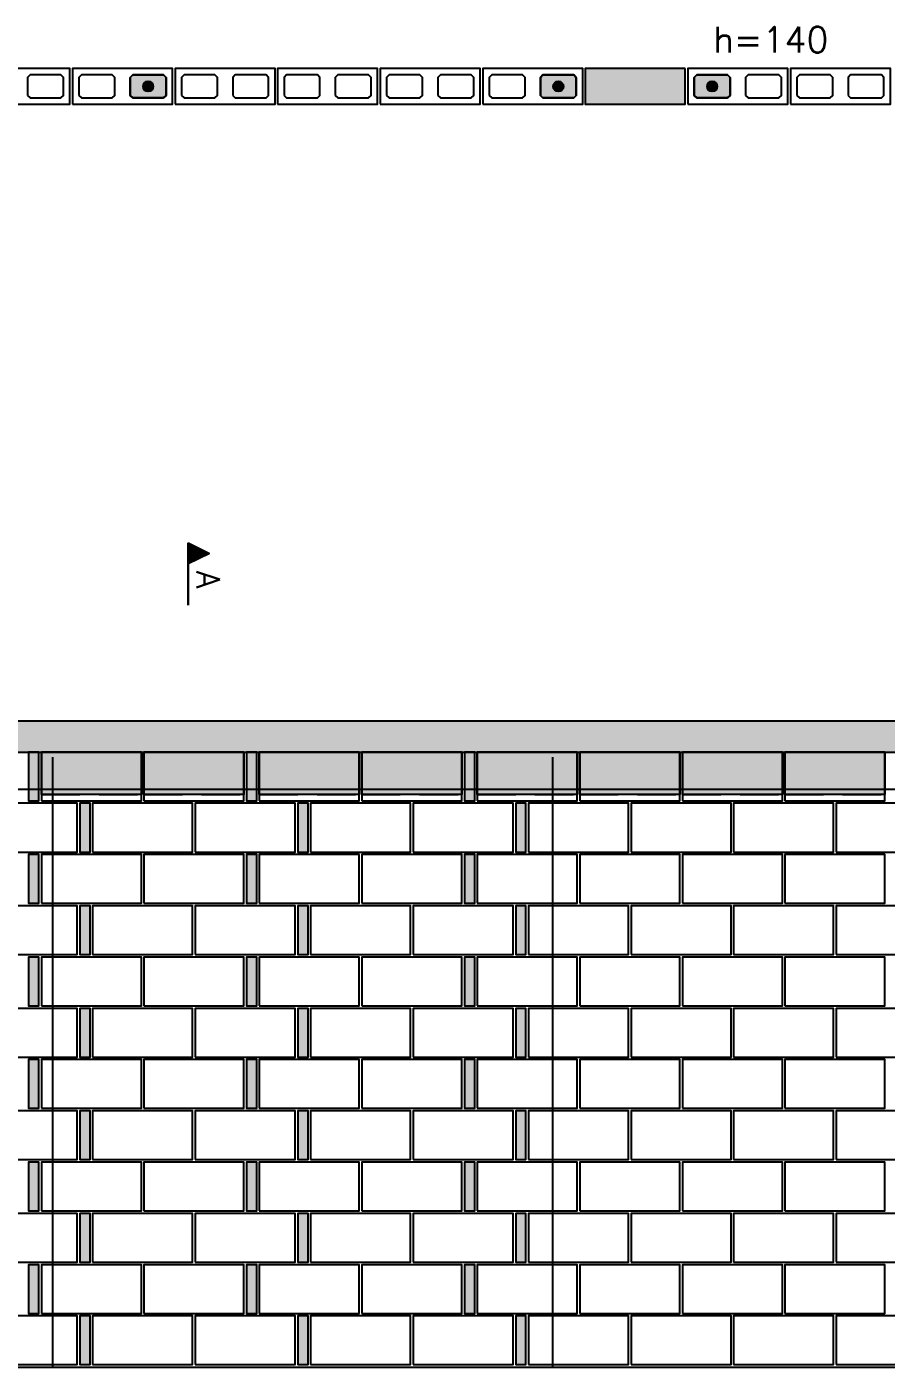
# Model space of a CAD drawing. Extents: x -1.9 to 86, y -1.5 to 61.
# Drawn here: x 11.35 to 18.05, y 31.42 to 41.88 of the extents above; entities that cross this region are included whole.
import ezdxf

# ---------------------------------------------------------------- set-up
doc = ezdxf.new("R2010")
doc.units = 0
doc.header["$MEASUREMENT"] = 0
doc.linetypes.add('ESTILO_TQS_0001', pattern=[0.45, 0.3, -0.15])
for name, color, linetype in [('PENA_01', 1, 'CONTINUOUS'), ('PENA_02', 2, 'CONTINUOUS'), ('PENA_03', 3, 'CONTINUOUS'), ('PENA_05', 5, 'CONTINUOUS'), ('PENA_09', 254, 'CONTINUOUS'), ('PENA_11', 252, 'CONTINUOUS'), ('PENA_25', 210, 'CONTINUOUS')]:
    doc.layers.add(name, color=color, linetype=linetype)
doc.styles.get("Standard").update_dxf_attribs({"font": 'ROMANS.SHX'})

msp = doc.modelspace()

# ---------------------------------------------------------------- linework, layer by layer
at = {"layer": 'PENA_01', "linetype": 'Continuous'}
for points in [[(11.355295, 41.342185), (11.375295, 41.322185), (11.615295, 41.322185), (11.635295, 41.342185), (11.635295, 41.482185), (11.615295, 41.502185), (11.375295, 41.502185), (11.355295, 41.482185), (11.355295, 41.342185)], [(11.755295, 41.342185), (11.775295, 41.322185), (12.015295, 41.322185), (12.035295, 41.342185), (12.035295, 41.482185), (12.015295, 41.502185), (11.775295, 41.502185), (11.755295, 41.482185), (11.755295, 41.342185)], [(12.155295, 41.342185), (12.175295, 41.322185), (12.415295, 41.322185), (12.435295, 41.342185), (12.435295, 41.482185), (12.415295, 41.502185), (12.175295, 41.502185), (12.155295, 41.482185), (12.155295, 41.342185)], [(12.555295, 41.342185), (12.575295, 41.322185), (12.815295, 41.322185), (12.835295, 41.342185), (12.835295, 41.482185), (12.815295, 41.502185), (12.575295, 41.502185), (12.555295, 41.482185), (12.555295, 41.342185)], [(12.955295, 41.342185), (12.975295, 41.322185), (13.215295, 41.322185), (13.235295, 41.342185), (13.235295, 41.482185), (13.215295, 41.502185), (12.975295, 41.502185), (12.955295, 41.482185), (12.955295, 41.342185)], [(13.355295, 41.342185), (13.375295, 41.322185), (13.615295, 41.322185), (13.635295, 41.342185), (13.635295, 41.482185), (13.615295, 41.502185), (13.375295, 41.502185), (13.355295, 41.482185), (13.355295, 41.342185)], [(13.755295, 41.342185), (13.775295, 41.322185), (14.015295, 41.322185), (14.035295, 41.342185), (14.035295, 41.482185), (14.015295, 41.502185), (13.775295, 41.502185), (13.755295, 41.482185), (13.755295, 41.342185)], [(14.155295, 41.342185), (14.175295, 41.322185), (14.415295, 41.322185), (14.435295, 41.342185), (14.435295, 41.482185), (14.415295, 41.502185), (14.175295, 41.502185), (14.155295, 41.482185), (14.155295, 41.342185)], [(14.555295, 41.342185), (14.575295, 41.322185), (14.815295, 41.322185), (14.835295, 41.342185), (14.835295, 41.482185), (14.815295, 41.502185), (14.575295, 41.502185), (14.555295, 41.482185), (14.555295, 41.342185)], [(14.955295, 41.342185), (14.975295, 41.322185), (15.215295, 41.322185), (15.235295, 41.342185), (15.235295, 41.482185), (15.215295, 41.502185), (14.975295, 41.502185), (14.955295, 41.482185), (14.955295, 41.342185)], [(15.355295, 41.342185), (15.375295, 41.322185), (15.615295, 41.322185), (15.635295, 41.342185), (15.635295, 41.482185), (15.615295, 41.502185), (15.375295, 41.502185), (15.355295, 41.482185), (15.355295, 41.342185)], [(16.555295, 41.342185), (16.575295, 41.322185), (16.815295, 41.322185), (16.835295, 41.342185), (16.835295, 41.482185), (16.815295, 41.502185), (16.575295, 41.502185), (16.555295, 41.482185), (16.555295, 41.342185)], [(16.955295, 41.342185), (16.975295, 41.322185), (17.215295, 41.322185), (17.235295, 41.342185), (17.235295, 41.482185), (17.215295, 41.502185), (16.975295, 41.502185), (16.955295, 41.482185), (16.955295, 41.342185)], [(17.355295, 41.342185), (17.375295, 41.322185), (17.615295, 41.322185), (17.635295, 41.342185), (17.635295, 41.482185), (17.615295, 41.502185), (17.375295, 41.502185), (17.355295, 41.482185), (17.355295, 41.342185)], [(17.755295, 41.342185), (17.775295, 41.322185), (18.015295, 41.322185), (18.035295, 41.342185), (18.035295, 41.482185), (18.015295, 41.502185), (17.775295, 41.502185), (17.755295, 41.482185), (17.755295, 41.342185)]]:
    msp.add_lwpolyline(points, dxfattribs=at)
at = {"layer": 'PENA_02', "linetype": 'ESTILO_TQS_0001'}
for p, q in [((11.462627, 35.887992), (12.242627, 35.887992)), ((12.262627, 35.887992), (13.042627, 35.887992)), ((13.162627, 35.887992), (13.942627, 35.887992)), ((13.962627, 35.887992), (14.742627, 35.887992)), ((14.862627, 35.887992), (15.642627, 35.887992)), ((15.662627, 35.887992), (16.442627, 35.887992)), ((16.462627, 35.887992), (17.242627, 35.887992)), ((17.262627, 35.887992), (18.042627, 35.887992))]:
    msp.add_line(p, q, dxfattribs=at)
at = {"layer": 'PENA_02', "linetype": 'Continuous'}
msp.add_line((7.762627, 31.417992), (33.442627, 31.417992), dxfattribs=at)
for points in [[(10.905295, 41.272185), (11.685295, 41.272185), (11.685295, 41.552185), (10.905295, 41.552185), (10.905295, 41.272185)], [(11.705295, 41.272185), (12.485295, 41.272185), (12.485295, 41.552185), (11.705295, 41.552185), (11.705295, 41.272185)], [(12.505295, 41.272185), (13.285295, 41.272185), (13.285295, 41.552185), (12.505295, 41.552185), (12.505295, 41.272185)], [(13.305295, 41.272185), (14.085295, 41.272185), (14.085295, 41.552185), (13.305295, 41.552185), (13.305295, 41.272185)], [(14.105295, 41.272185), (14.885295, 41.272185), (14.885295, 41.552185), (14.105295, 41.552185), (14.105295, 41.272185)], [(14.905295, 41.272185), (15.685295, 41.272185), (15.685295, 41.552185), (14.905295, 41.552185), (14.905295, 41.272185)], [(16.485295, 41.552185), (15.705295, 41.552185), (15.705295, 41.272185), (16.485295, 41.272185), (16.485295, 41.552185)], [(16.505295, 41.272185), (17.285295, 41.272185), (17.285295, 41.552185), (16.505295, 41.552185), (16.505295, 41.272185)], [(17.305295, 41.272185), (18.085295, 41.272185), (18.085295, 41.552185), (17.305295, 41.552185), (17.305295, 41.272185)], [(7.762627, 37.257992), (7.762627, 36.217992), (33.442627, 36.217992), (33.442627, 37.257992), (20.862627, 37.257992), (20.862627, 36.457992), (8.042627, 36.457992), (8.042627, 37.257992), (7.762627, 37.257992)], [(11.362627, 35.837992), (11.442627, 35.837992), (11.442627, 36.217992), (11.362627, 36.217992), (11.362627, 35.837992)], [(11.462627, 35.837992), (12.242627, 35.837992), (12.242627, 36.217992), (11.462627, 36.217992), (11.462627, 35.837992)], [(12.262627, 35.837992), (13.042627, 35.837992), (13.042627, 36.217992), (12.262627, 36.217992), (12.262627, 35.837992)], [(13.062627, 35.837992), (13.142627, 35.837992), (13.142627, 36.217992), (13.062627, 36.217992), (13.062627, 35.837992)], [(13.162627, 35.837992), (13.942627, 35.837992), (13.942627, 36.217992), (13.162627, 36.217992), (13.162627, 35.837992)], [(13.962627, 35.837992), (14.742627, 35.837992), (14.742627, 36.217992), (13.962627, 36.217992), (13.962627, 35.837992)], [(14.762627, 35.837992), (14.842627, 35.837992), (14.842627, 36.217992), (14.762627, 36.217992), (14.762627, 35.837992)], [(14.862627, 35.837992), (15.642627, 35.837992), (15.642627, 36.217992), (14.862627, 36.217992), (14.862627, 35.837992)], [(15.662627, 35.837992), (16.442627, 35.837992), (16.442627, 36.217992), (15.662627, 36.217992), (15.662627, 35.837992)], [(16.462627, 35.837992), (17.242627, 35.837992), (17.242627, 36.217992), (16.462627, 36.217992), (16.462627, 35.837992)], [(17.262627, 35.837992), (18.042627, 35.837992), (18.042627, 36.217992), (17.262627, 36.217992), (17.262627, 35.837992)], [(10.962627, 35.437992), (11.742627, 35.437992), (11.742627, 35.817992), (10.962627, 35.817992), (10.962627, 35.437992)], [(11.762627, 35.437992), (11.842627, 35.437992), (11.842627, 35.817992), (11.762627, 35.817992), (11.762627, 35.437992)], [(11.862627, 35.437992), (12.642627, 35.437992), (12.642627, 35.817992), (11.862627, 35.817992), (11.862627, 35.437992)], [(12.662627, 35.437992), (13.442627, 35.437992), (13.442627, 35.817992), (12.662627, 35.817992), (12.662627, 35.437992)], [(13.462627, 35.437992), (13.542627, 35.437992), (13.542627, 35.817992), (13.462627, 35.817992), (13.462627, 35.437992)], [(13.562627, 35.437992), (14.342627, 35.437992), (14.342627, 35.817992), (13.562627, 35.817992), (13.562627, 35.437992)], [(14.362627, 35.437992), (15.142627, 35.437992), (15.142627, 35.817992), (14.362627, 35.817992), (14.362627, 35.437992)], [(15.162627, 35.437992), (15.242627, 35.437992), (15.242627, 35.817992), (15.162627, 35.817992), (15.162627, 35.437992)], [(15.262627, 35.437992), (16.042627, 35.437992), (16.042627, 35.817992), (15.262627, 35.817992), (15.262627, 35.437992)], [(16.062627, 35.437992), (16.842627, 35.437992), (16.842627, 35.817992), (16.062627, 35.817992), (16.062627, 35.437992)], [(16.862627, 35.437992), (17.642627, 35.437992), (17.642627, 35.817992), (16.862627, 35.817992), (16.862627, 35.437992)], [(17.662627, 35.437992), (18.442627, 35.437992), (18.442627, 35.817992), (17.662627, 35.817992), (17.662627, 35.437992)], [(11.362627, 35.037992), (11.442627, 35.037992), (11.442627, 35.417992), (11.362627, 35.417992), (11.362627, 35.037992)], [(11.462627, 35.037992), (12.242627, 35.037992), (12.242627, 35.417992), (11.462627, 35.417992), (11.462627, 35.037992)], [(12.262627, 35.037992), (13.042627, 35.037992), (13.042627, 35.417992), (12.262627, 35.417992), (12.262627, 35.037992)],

════

● WORK REQUIRED
Exactly how many lines in the records contain the string "color"? Give that number alone.

● ANSWER TO THIS PROBLEM
2